Despite recent surprisingly positive signals, economists at leading financial institutions do not believe in a rapid economic recovery. "There’s no reason to celebrate because we don’t think 2020 will be any better than 2019," said allianz’s katharina utermohl.
"The german economy will not emerge from the economic trough any time soon," said k labor market expert martin muller. The federal employment agency will announce its labor market statistics for november next friday.
A mini-growth of the german economy in the summer had recently kept hopes of a stabilization of the economy alive. The domestic economy in particular is proving to be a source of support: the construction industry is buzzing, many consumers are in a buying mood. Even exports show robustness despite international trade conflicts. Gross domestic product increased 0.1 percent in the third quarter compared to the previous quarter, following a decline in the second quarter.
Muller now expects the number of unemployed to rise again next year to 2.34 million, the same level as in 2018. The reduction of 80.000 unemployed in the current year would be even. Nevertheless, the shortage of skilled workers remains one of the main problems and a brake on the economy, as it inhibits domestic demand. "For many companies in the building trade, it is now the normal case that an advertised position cannot be filled for half a year or longer," said muller.

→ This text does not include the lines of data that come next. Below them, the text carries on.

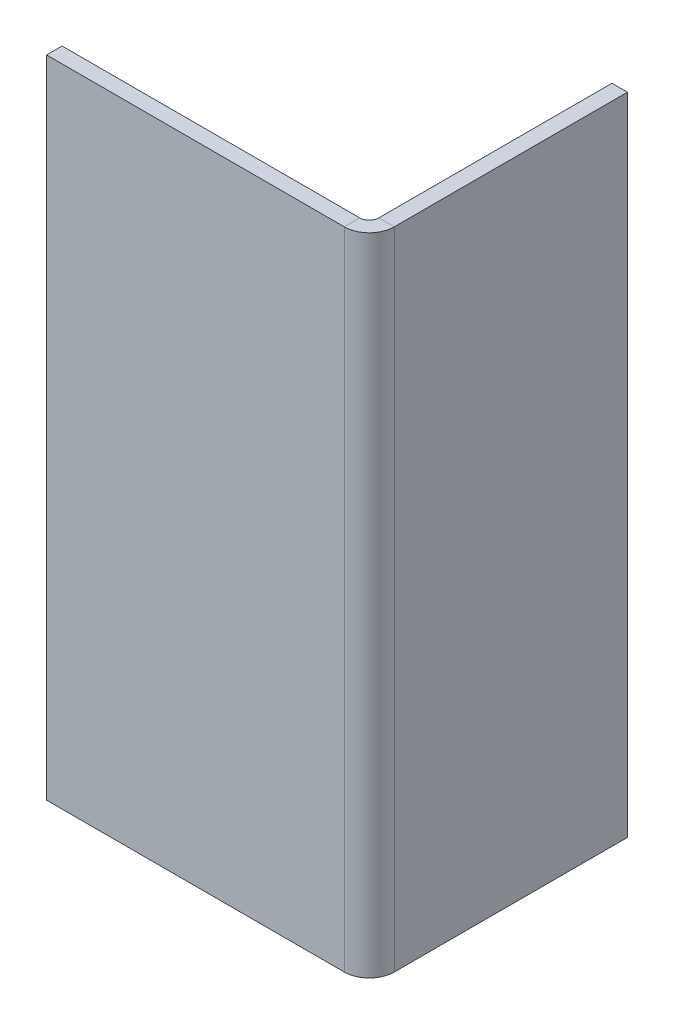
SolidWorks part; units mm, degrees
note: The reader was unsure of these and kept them because the rebuilt part matched: flange length of "Edge-Flange1".
ref_plane "Front Plane" through (0, 0, 0) normal (0, 0, 1) x (1, 0, 0)
ref_plane "Top Plane" through (0, 0, 0) normal (0, 1, 0) x (1, 0, 0)
ref_plane "Right Plane" through (0, 0, 0) normal (1, 0, 0) x (0, 0, -1)
sketch "Sketch4" plane through (0, 0, 0) normal (0, 0, 1) x (1, 0, 0)
  line L1 (0, 0) -> (25, 0)
  line L2 (0, 0) -> (0, 50)
  line L3 (0, 50) -> (25, 50)
  line L4 (25, 0) -> (25, 50)
  dimension "D1" = 50
  dimension "D2" = 25
base flange "Base-Flange1" sketch "Sketch4" thickness 1.2 reverse thickness direction no parameters "D1"=0.7366
edge flange "Edge-Flange1" sketch "Sketch11" flange angle 90 flange length 20 flange position material inside bend radius 0.7366 thickness 1.2 relief rectangular parameters "D6"=10
sketch "Sketch11" plane through (25, 0, -1.2) normal (1, 0, 0) x (0, -1, 0)
  line L0 (0, 0) -> (-50, 0) construction
  line L1 (0, 0) -> (-50, 0)
  line L2 (-50, 0) -> (-50, 18.8)
  line L3 (-50, 18.8) -> (0, 18.8)
  line L4 (0, 18.8) -> (0, 0)
bend "EdgeBend1" bend radius 0.7366 bend angle 90 parameters "D5"=1
sketch "Bend-Lines1" [suppressed] plane through (0, 0, 0) normal (0, 1, 0) x (1, 0, 0)
sketch "Bounding-Box1" [suppressed] plane through (0, 0, 0) normal (0, 1, 0) x (1, 0, 0)
sheet metal parameters "Sheet-Metal1" thickness 1.2 parameters "D1"=0.7366
flat pattern "Flat-Pattern1" [suppressed]
sketch "Bend-Lines2" plane through (0, 0, 0) normal (0, 1, 0) x (1, 0, 0)
sketch3d "Bounding-Box2" [suppressed]
  line L0 (-25, 50, 0) -> (-25, 0, 0) construction
  line L1 (0, 50, 0) -> (0, 0, 0) construction
  line L2 (-25, 50, 0) -> (0, 50, 0) construction
  line L3 (-25, 0, 0) -> (0, 0, 0) construction
sheet metal parameters "Sheet-Metal2" thickness 1.2 parameters "D1"=0.7366
flat pattern "Flat-Pattern1"
sketch "Bend-Lines2" plane through (0, 0, 0) normal (0, 0, 1) x (1, 0, 0)
  line L0 (24.1132, 0) -> (24.1132, 50) construction
  line L1 (24.1132, 0) -> (24.1132, 50) construction
sketch3d "Bounding-Box2" [suppressed]
  line L0 (43.2263, 50, 0) -> (43.2263, 0, 0) construction
  line L1 (0, 50, 0) -> (0, 0, 0) construction
  line L2 (43.2263, 50, 0) -> (0, 50, 0) construction
  line L3 (43.2263, 0, 0) -> (0, 0, 0) construction
bend of the flat pattern "Flatten-<EdgeBend1>1"
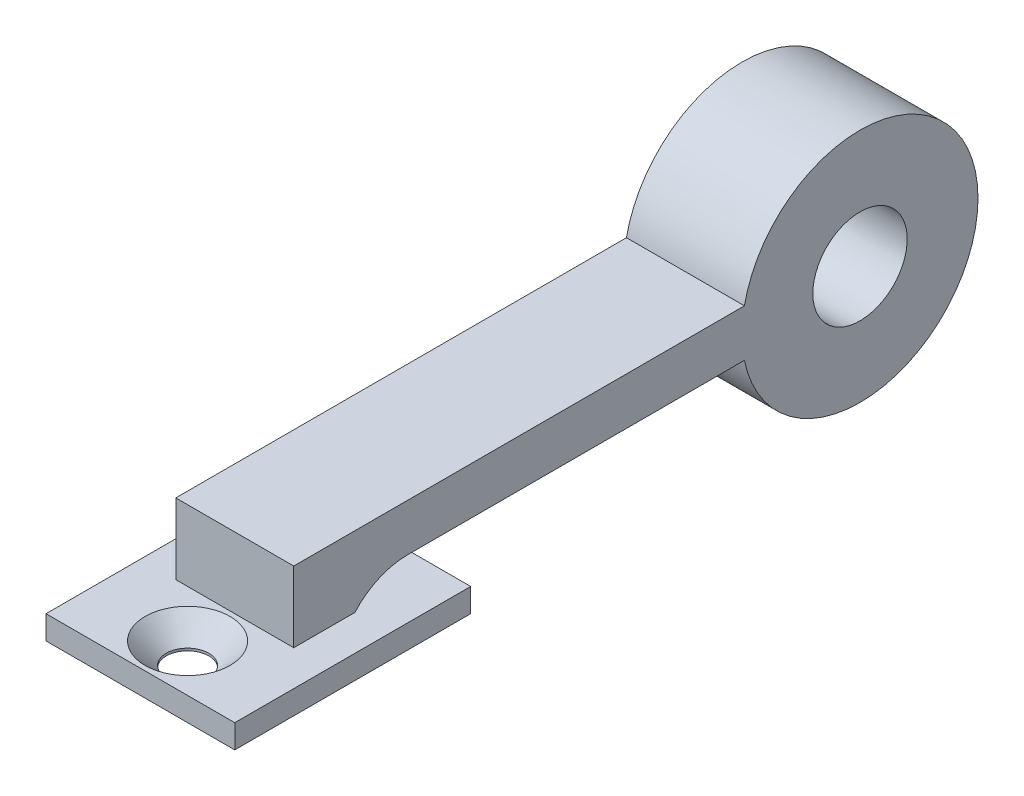
SolidWorks part; units mm, degrees
ref_plane "Front Plane" through (0, 0, 0) normal (0, 0, 1) x (1, 0, 0)
ref_plane "Top Plane" through (0, 0, 0) normal (0, 1, 0) x (1, 0, 0)
ref_plane "Right Plane" through (0, 0, 0) normal (1, 0, 0) x (0, 0, -1)
sketch "Sketch1" plane through (0, 0, 0) normal (1, 0, 0) x (0, 0, -1)
  line L0 (0, 0) -> (0, 3) construction
  line L1 (0, 3) -> (23, 3) construction
  line L2 (18.101, 4) -> (-1, 4)
  line L3 (-1, 4) -> (-1, 0)
  line L4 (-1, 0) -> (1, 0)
  line L5 (1, 0) -> (1, 2)
  line L6 (1, 2) -> (18.101, 2)
  circle A0 centre (23, 3) radius 2
  circle A1 centre (23, 3) radius 5
  point P13 (0, 0)
  dimension "D3" = 4
  dimension "D4" = 10
  dimension "D1" = 23
  dimension "D2" = 3
  dimension "D5" = 2
  dimension "D6" = 2
extrude "Boss-Extrude1" add sketch "Sketch1" along normal blind 5 contours A1 L2 L3 L4 L5 L6 | A0 | A1 region at (0, 2.8098, -7.707) region at (0, 3, -23)
fillet "Fillet1" radius 3 1 edges at (2.5, 2, -1)
sketch "Sketch2" plane through (0, 0, 0) normal (0, -1, 0) x (1, 0, 0)
  line L0 (0, 0) -> (5, 0) construction
  line L1 (5, 1) -> (5, -1) construction
  line L3 (6.5, -5) -> (-1.5, -5)
  line L4 (6.5, -5) -> (6.5, 5)
  line L5 (6.5, 5) -> (-1.5, 5)
  line L6 (-1.5, -5) -> (-1.5, 5)
  line L7 (6.5, -5) -> (-1.5, 5) construction
  line L8 (6.5, 5) -> (-1.5, -5) construction
  point P5 (2.5, 0)
  dimension "D1" = 10
  dimension "D2" = 8
extrude "Boss-Extrude3" add sketch "Sketch2" against normal blind 1
sketch "Sketch3" plane through (0, 1, 0) normal (0, 1, 0) x (1, 0, 0)
  line L0 (6.5, -3) -> (-1.5, -3) construction
  line L1 (6.5, 5) -> (6.5, -5) construction
  line L2 (-1.5, -5) -> (-1.5, 5) construction
  line L3 (6.5, -5) -> (-1.5, -5) construction
  point P11 (2.5, -3)
  dimension "D1" = 2
hole_wizard "CSK for M1.6 Countersunk Flat Head Screw1" positions "Sketch3" profile "Sketch4" countersink size "M1.6" standard "ISO"
sketch "Sketch4" plane through (2.5, 1, 3) normal (1, 0, 0) x (0, 0, 1)
  line L0 (0, 0) -> (0, 30.5408)
  line L1 (0, 30.5408) -> (0.9, 30)
  line L2 (0.9, 30) -> (0.9, 0.9)
  line L3 (0.9, 0.9) -> (1.8, 0)
  line L5 (1.8, 0) -> (0, 0)
  line L6 (-0.9, 0.9) -> (-1.8, 0) construction
  line L10 (0, 30.5408) -> (-0.9, 30) construction
  line L11 (0, -6.35) -> (0, 107.95) construction
  dimension "Hole Dia." = 1.8
  dimension "Hole Depth" = 30
  dimension "Near C'Sink Dia." = 3.6
  dimension "Near C'Sink Angle" = 90
  dimension "Drill Angle" = 118

"The last few months have shown that the job market is treading water," said jens-oliver niklasch of landesbank LBBW. A weak manufacturing sector is currently being compensated for by service providers. "But the seasonal development of unemployment figures shows us that, in contrast to previous years, we are no longer seeing any improvement overall," niklasch emphasized.
Economic growth forecast to remain tepid in the year ahead. Marc schattenberg of deutsche bank – like the federal employment agency – expects growth of 1.0 percent. "But there is a positive working day effect, which alone will account for 0.4 percentage points," said schattenberg. Economists assume that one extra working day in the calendar – for example, because a holiday falls on a sunday – adds 0.1 percentage points to growth.
Alliance economist utermohl sees "growth close to zero" and puts it at just 0.6 percent. There could also be another negative quarter, similar to the second quarter of 2019. "A tweet in the negative direction would already be toxic," she said, referring to U.S. President donald trump’s announcement behavior, for example, on possible punitive tariffs against european carmakers. Nevertheless, "there are some cautious signs that there is some stabilization in industry and trade," utermohl said.
Although still difficult to calculate, fears of the impact of a U.S. Tariff cull and of a disorderly brexit from auber negative factors have eased, he said. Schattenberg assumes that great britain will leave the EU in an orderly manner on 31 december. January from. Utermohl also said, "we see the risk of a no deal reduced."